The team in New Haven based its initial calculations on Sosinski’s report that Aldridge was supposed to wake him up at 11:30 p.m. That suggested to them that Aldridge fell overboard between 9:30 p.m. and 11:30 p.m., which would put him somewhere between five and 20 miles south of the Long Island coast. Rodocker input those assumptions, and Sarops came back with an “Alpha Drift” — its first scatter plot of search particles — that curved in a thick parabola from Montauk Point southward, bulging out toward the east, with the highest-probability locations, the reddest squares on the map, clustered about 15 miles offshore.
The next step for Sarops was to develop search patterns for each boat and aircraft, dividing up the search area into squares and rectangles and assigning each vessel a zone to search and a pattern to use. A little before 8 a.m., New Haven started issuing patterns to the first three assets on the scene: the plane, a helicopter and a 47-foot patrol boat from Montauk. Sarops can assign all kinds of patterns, depending on the conditions — a track line, a creeping line, an expanding square — but in this case, each search crew was assigned what’s called a parallel search: a rectangular S-shaped pattern, with long search tracks proceeding roughly north and south and a small jog to the west between each track.

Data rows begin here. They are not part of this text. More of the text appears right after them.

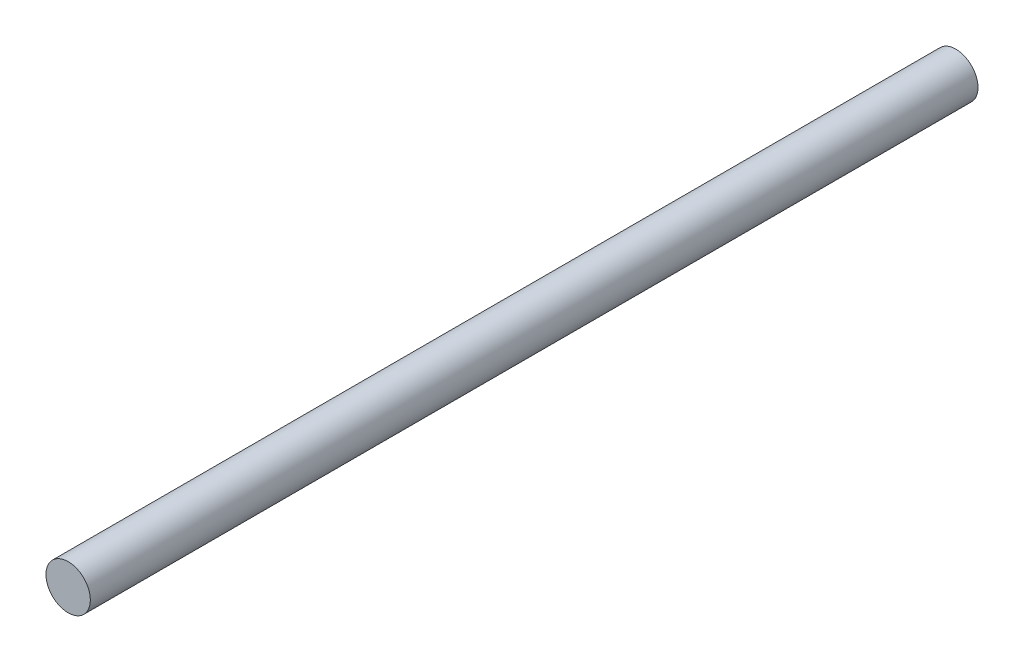
SolidWorks part; units mm, degrees
ref_plane "Alzado" through (0, 0, 0) normal (0, 0, 1) x (1, 0, 0)
ref_plane "Planta" through (0, 0, 0) normal (0, 1, 0) x (1, 0, 0)
ref_plane "Vista lateral" through (0, 0, 0) normal (1, 0, 0) x (0, 0, -1)
sketch "Croquis1" plane through (0, 0, 0) normal (0, 0, 1) x (1, 0, 0)
  circle A0 centre (0, 0) radius 6
  dimension "D1" = 12
extrude "Saliente-Extruir1" add sketch "Croquis1" along normal blind 240
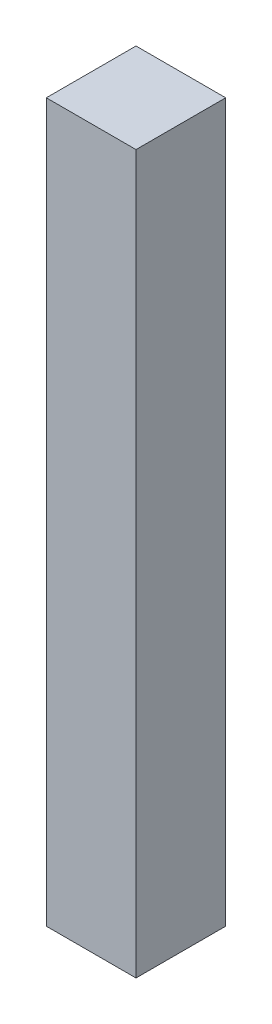
SolidWorks part; units mm, degrees
material "Beech"
ref_plane "Plane1" through (0, 0, 0) normal (0, 0, 1) x (1, 0, 0)
ref_plane "Plane2" through (0, 0, 0) normal (0, 1, 0) x (1, 0, 0)
ref_plane "Plane3" through (0, 0, 0) normal (1, 0, 0) x (0, 0, -1)
sketch "Sketch1" plane through (0, 0, 0) normal (0, 1, 0) x (1, 0, 0)
  line L1 (0, 0) -> (50, 0)
  line L2 (0, 0) -> (0, 50)
  line L3 (0, 50) -> (50, 50)
  line L4 (50, 0) -> (50, 50)
  dimension "D1" = 50
  dimension "D2" = 50
extrude "Boss-Extrude1" add sketch "Sketch1" along normal blind 400
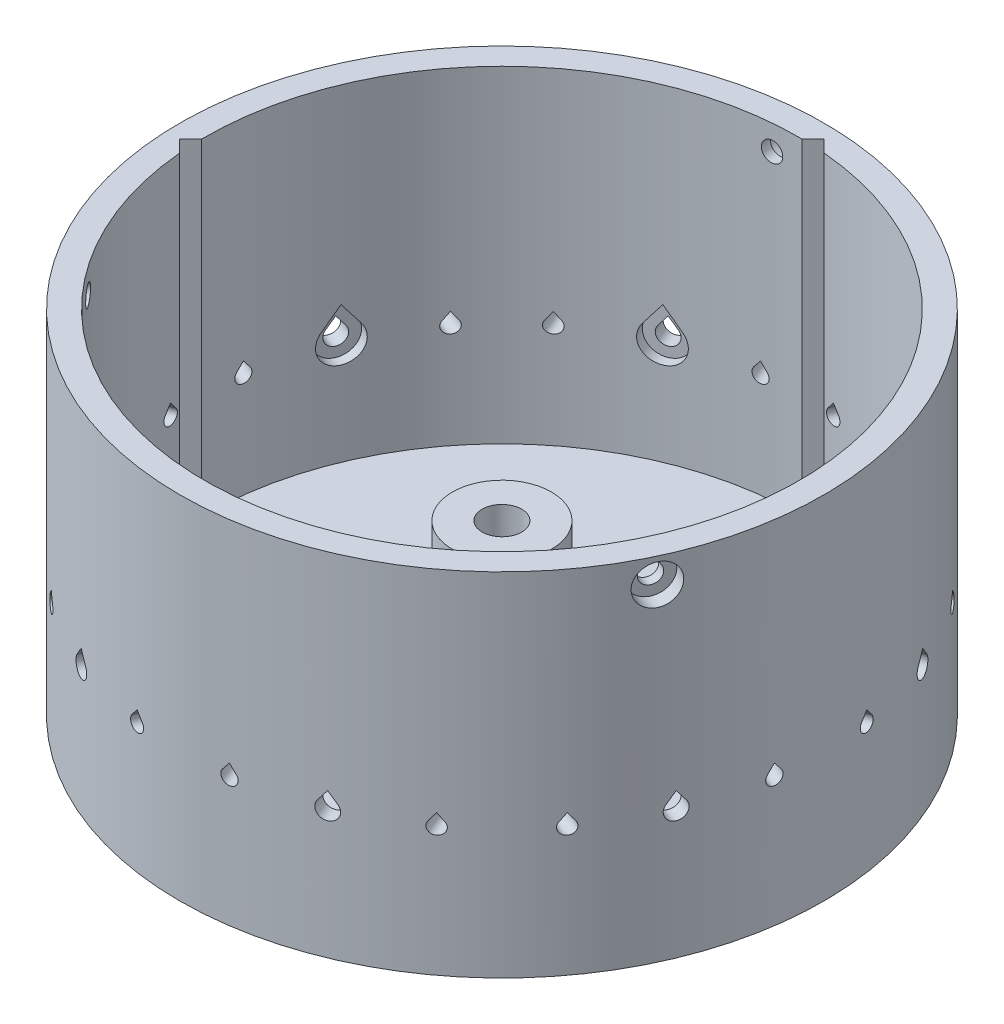
SolidWorks part; units mm, degrees
ref_plane "Front Plane" through (0, 0, 0) normal (0, 0, 1) x (1, 0, 0)
ref_plane "Top Plane" through (0, 0, 0) normal (0, 1, 0) x (1, 0, 0)
ref_plane "Right Plane" through (0, 0, 0) normal (1, 0, 0) x (0, 0, -1)
sketch "Sketch1" plane through (0, 0, 0) normal (0, 0, 1) x (1, 0, 0)
  line L0 (120, 0) -> (156, 0)
  line L1 (148, -36) -> (120, -36)
  line L2 (120, -36) -> (120, 0)
  line L3 (0, 0) -> (0, -64.9986) construction
  arc A0 (156, 0) -> (160, -4) centre (156, -4) cw
  arc A1 (160, -4) -> (151.3962, -34.1132) centre (103, -4) cw
  arc A2 (151.3962, -34.1132) -> (148, -36) centre (148, -32) cw
  dimension "D5" = 4
  dimension "D6" = 4
  dimension "D1" = 160
  dimension "D2" = 40
  dimension "D3" = 36
  dimension "D4" = 28
revolve "Revolve1" add sketch "Sketch1" angle 360 about L3
sketch "Sketch5" plane through (0, 0, 0) normal (1, 0, 0) x (0, 0, -1)
  line L0 (60, 0) -> (65, 0)
  line L1 (65, -71) -> (60, -71)
  line L2 (120, 0) -> (-120, 0) construction
  line L3 (0, 16.2431) -> (0, -72.818) construction
  line L4 (65, 0) -> (65, -31)
  line L5 (60, 0) -> (60, -71)
  line L6 (-148, -36) -> (148, -36) construction
  line L8 (65, -36) -> (65, -71)
  line L9 (65, -31) -> (81, -31)
  line L11 (65, -36) -> (81, -36)
  line L12 (81, -31) -> (81, -36)
  dimension "D1" = 65
  dimension "D2" = 5
  dimension "D3" = 90
  dimension "D4" = 35
  dimension "D5" = 5
  dimension "D6" = 16
revolve "Revolve2" add sketch "Sketch5" angle 360 about L3
sketch "Sketch6" plane through (0, 0, 0) normal (1, 0, 0) x (0, 0, -1)
  line L0 (-16, -33.5) -> (16, -33.5) construction
  line L1 (0, -33.5) -> (0, 18.5493) construction
  line L3 (-148, -36) -> (148, -36) construction
  circle A0 centre (-16, -33.5) radius 2.5
  circle A1 centre (16, -33.5) radius 2.5
  dimension "D1" = 5
  dimension "D2" = 16
extrude "Boss-Extrude1" add sketch "Sketch6" along normal up to surface and the other way up to surface
sketch "Sketch7" plane through (0, 0, 0) normal (0, 0, 1) x (1, 0, 0)
  line L0 (0, -60.0786) -> (0, 55.372) construction
pattern_circular "CirPattern2" count 4 every 45 about axis through (0, -60.0786, 0) along (0, 1, 0) of "Boss-Extrude1"
sketch "Sketch8" plane through (0, 0, 0) normal (0, 0, 1) x (1, 0, 0)
  line L0 (0, 0) -> (0, -91.6865)
  line L1 (0, -91.6865) -> (-49.5238, -91.6865)
  line L2 (-49.5238, -91.6865) -> (-60, -71)
  line L3 (-60, 0) -> (0, 0)
  line L4 (-60, 0) -> (-60, -71)
revolve "Cut-Revolve1" cut sketch "Sketch8" angle 360 about L0
sketch "Sketch9" plane through (0, -71, 0) normal (0, -1, 0) x (1, 0, 0)
  circle A0 centre (0, 0) radius 60
  circle A1 centre (0, 0) radius 60 construction
extrude "Boss-Extrude2" add sketch "Sketch9" against normal blind 5
sketch "Sketch10" plane through (0, -71, 0) normal (0, -1, 0) x (1, 0, 0)
  circle A0 centre (0, 0) radius 15
  dimension "D1" = 30
extrude "Cut-Extrude1" cut sketch "Sketch10" against normal up to next
sketch "Sketch11" plane through (0, 0, 0) normal (1, 0, 0) x (0, 0, -1)
  line L0 (0, -71) -> (0, 0) construction
  line L1 (-65, -71) -> (65, -71) construction
  line L3 (-7.3604, -71) -> (-4, -71)
  line L4 (-4, -71) -> (-4, -37)
  line L5 (-4, -37) -> (-8.0477, -37)
  line L7 (-8.0477, -37) -> (-10, -37)
  line L8 (-10, -37) -> (-10, -66)
  line L9 (-10, -66) -> (-15, -66)
  line L10 (-15, -66) -> (-15, -71)
  line L11 (-15, -71) -> (-7.3604, -71)
  line L12 (15, -66) -> (-15, -66) construction
  dimension "D1" = 34
  dimension "D3" = 20
  dimension "D4" = 8
revolve "Revolve3" add sketch "Sketch11" angle 360 about L0
sketch "Sketch14" plane through (0, 0, 0) normal (0, 1, 0) x (1, 0, 0)
  line L0 (2.8284, 62.2254) -> (-62.2254, -2.8284)
  line L1 (-62.2254, -2.8284) -> (-58.6899, -6.364)
  line L2 (-58.6899, -6.364) -> (6.364, 58.6899)
  line L3 (6.364, 58.6899) -> (2.8284, 62.2254)
  line L4 (0, 0) -> (-26.163, 26.163) construction
  line L5 (0, 0) -> (0, 27.5033) construction
  dimension "D1" = 45
  dimension "D2" = 92
  dimension "D3" = 5
  dimension "D4" = 42
extrude "Cut-Extrude3" cut sketch "Sketch14" against normal up to surface (66 mm away) up to face at (0, -66, -60)
sketch "Sketch17" plane through (0, -36, 0) normal (0, -1, 0) x (1, 0, 0)
  circle A0 centre (0, 0) radius 65
  circle A1 centre (0, 0) radius 160
  circle A2 centre (0, 0) radius 160 construction
  circle A3 centre (0, 0) radius 65 construction
extrude "Cut-Extrude4" cut sketch "Sketch17" against normal through all
ref_plane "Plane1" through (-60.0522, 0, 24.8744) normal (-0.9239, 0, 0.3827) x (0.3827, 0, 0.9239)
ref_plane "Plane2" through (-50.8134, 0, 21.0476) normal (-0.9239, 0, 0.3827) x (0.3827, 0, 0.9239)
sketch "Sketch18" plane through (-60.0522, 0, 24.8744) normal (-0.9239, 0, 0.3827) x (0.3827, 0, 0.9239)
  line L0 (65, 0) -> (-65, 0) construction
  line L1 (0, 0) -> (0, -45) construction
  line L2 (16, -45) -> (0, -45) construction
  line L3 (0, -45) -> (-16, -45) construction
  line L4 (-17.19, -44.0869) -> (-16, -42.536)
  line L5 (-16, -42.536) -> (-14.81, -44.0869)
  line L6 (-1.5867, -43.7825) -> (0, -41.7146)
  line L7 (0, -41.7146) -> (1.5867, -43.7825)
  line L8 (14.81, -44.0869) -> (16, -42.536)
  line L9 (16, -42.536) -> (17.19, -44.0869)
  line L10 (-16, -42.536) -> (-16, -45) construction
  line L11 (16, -42.536) -> (16, -45) construction
  arc A0 (-1.5867, -43.7825) -> (1.5867, -43.7825) centre (0, -45) ccw
  arc A1 (-17.19, -44.0869) -> (-14.81, -44.0869) centre (-16, -45) ccw
  arc A2 (14.81, -44.0869) -> (17.19, -44.0869) centre (16, -45) ccw
  dimension "D1" = 4
  dimension "D3" = 3
  dimension "D4" = 32
  dimension "D2" = 45
  dimension "D5" = 75
  dimension "D6" = 75
  dimension "D7" = 75
extrude "Cut-Extrude5" cut sketch "Sketch18" against normal up to next
sketch "Sketch20" plane through (-50.8134, 0, 21.0476) normal (-0.9239, 0, 0.3827) x (0.3827, 0, 0.9239)
  line L0 (-3.1734, -42.565) -> (0, -38.4293)
  line L1 (0, -38.4293) -> (3.1734, -42.565)
  line L2 (0, -45) -> (0, -38.4293) construction
  arc A0 (-3.1734, -42.565) -> (3.1734, -42.565) centre (0, -45) ccw
  dimension "D1" = 8
  dimension "D2" = 75
extrude "Cut-Extrude6" cut sketch "Sketch20" along normal blind 7
pattern_circular "CirPattern3" count 8 over 360 about axis through (0, 0, 0) along (0, 1, 0) of "Cut-Extrude5", "Cut-Extrude6"
ref_plane "Plane4" through (9.0631, 0, 4.2262) normal (0.9063, 0, 0.4226) x (0.4226, 0, -0.9063)
sketch "Sketch22" plane through (20.043, 0, -19.3204) normal (-0.9063, 0, -0.4226) x (-0.4226, 0, 0.9063)
  line L0 (25.9808, 0) -> (25.9808, -5) construction
  circle A0 centre (25.9808, -5) radius 2
  dimension "D1" = 4
  dimension "D2" = 5
extrude "Cut-Extrude8" cut sketch "Sketch22" against normal through all
ref_plane "Plane3" through (58.91, 0, 27.4702) normal (0.9063, 0, 0.4226) x (0.4226, 0, -0.9063)
sketch "Sketch23" plane through (58.91, 0, 27.4702) normal (0.9063, 0, 0.4226) x (0.4226, 0, -0.9063)
  circle A0 centre (0, -5) radius 4
  dimension "D1" = 8
extrude "Cut-Extrude9" cut sketch "Sketch23" against normal blind 3
pattern_circular "CirPattern4" count 3 over 360 about axis through (0, 0, 0) along (0, 1, 0) of "Cut-Extrude8", "Cut-Extrude9"
sketch "Sketch26" plane through (0, -71, 0) normal (0, -1, 0) x (1, 0, 0)
  line L0 (-25.9808, 15) -> (-2.2721, 15)
  line L1 (-2.2721, 15) -> (-13.8721, 26.6001)
  circle A0 centre (0, 0) radius 15 construction
  circle A1 centre (0, 0) radius 30 construction
  arc A2 (-13.8721, 26.6001) -> (-25.9808, 15) centre (0, 0) ccw
  dimension "D1" = 30
  dimension "D2" = 60
  dimension "D3" = 45
  dimension "D4" = 15
  dimension "D5" = 9
extrude "Cut-Extrude12" cut sketch "Sketch26" against normal up to next (5 mm away)
pattern_circular "CirPattern6" count 8 over 360 about axis through (0, 0, 0) along (0, 1, 0) of "Cut-Extrude12"
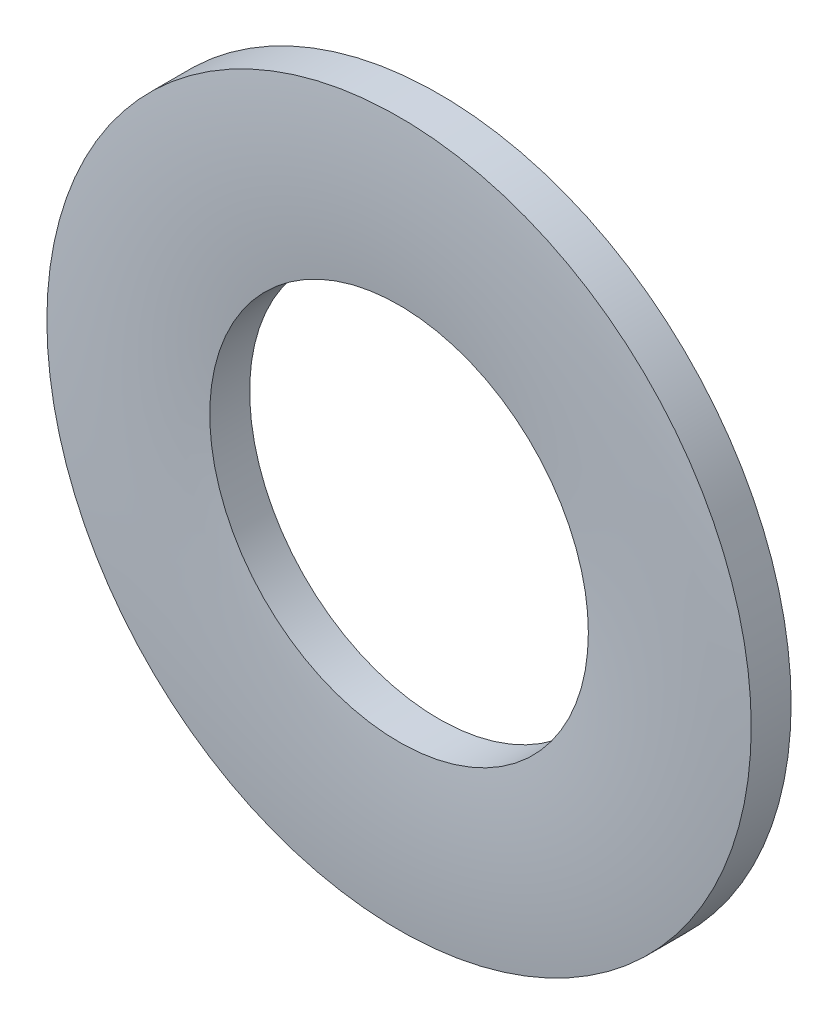
SolidWorks part; units mm, degrees
material "Plain Carbon Steel"
ref_plane "Front Plane" through (0, 0, 0) normal (0, 0, 1) x (1, 0, 0)
ref_plane "Top Plane" through (0, 0, 0) normal (0, 1, 0) x (1, 0, 0)
ref_plane "Right Plane" through (0, 0, 0) normal (1, 0, 0) x (0, 0, -1)
sketch "Sketch1" plane through (0, 0, 0) normal (0, 0, 1) x (1, 0, 0)
  circle A0 centre (0, 0) radius 2.15
  circle A1 centre (0, 0) radius 4
  dimension "ID" = 4.3
  dimension "OD" = 8
sketch "Sketch2" plane through (0, 0, 0) normal (1, 0, 0) x (0, 0, -1)
  line L0 (-0.25, 4) -> (0.25, 4) construction
  line L1 (-0.25, 0) -> (0.25, 0) construction
  point P2 (0, 4)
  dimension "Thickness Range" = 0.5
sketch "Sketch3" plane through (0, 0, 0) normal (1, 0, 0) x (0, 0, -1)
  line L0 (0.25, 4) -> (-0.2031, 4)
  line L1 (0.25, 2.15) -> (-0.2031, 2.15)
  line L2 (0.25, 2.15) -> (0.25, 4)
  line L3 (-0.25, 4) -> (-0.25, 2.15) construction
  arc A0 (-0.2031, 2.15) -> (-0.2031, 4) centre (8.905, 3.075) cw
  point P9 (0, 2.15)
  dimension "D1" = 0.0469
revolve "Revolve1" add sketch "Sketch3" angle 360 about L1
ref_plane "Plane1" through (0, 0, -0.25) normal (0, 0, -1) x (-1, 0, 0)
ref_plane "Plane2" through (0, 0, 0.25) normal (0, 0, -1) x (-1, 0, 0)
equation "\"D1@Sketch3\"=\"Thickness Range@Sketch2\"*.0937"

The helicopter was a Sikorsky Jayhawk piloted by two young lieutenants from Air Station Cape Cod named Mike Deal and Ray Jamros. Flying a Jayhawk in the Coast Guard, like many jobs these days, involves looking at a lot of screens: seven in total, spread out in front of Deal and Jamros in the cockpit, showing live maps, radar images and search patterns. When the parallel pattern came in from New Haven, the coordinates fed directly into the helicopter’s navigation system, meaning that the pilots were able to simply turn on the autopilot and let the helicopter fly the search pattern on its own. That allowed Deal and Jamros to turn their attention away from the screens and toward the water below them. They were joined in their search by two crew members who sat in the back of the helicopter: a rescue swimmer named Bob Hovey and a flight mechanic named Ethan Hill. Deal and Jamros scanned the ocean through their cockpit windows; Hill sat perched in the wide-open door on the right side of the helicopter, where he had the clearest view of the water below. Hovey spent most of his time staring at yet another screen, this one displaying the output of an infrared radar camera mounted on the bottom of the helicopter.
The Coast Guard search was off to an excellent start. It was a clear day with good visibility, and they had plenty of assets in place. The only problem, of course, was that everyone involved was searching in entirely the wrong place. Aldridge did not fall in the water at 10:30 p.m.; he fell in at 3:30 a.m. Almost 30 miles south of where the Jayhawk crew was carefully searching for him, Aldridge was clinging to his boots in the cold water.
Back in New Haven, Pete Winters was having second thoughts about the Alpha Drift. He borrowed the microphone from Sean Davis and radioed the Anna Mary directly. “Talk to me, Captain,” he said to Sosinski. “Fisherman to fisherman. Help me reduce this search area. We need to narrow it down so we can find John.”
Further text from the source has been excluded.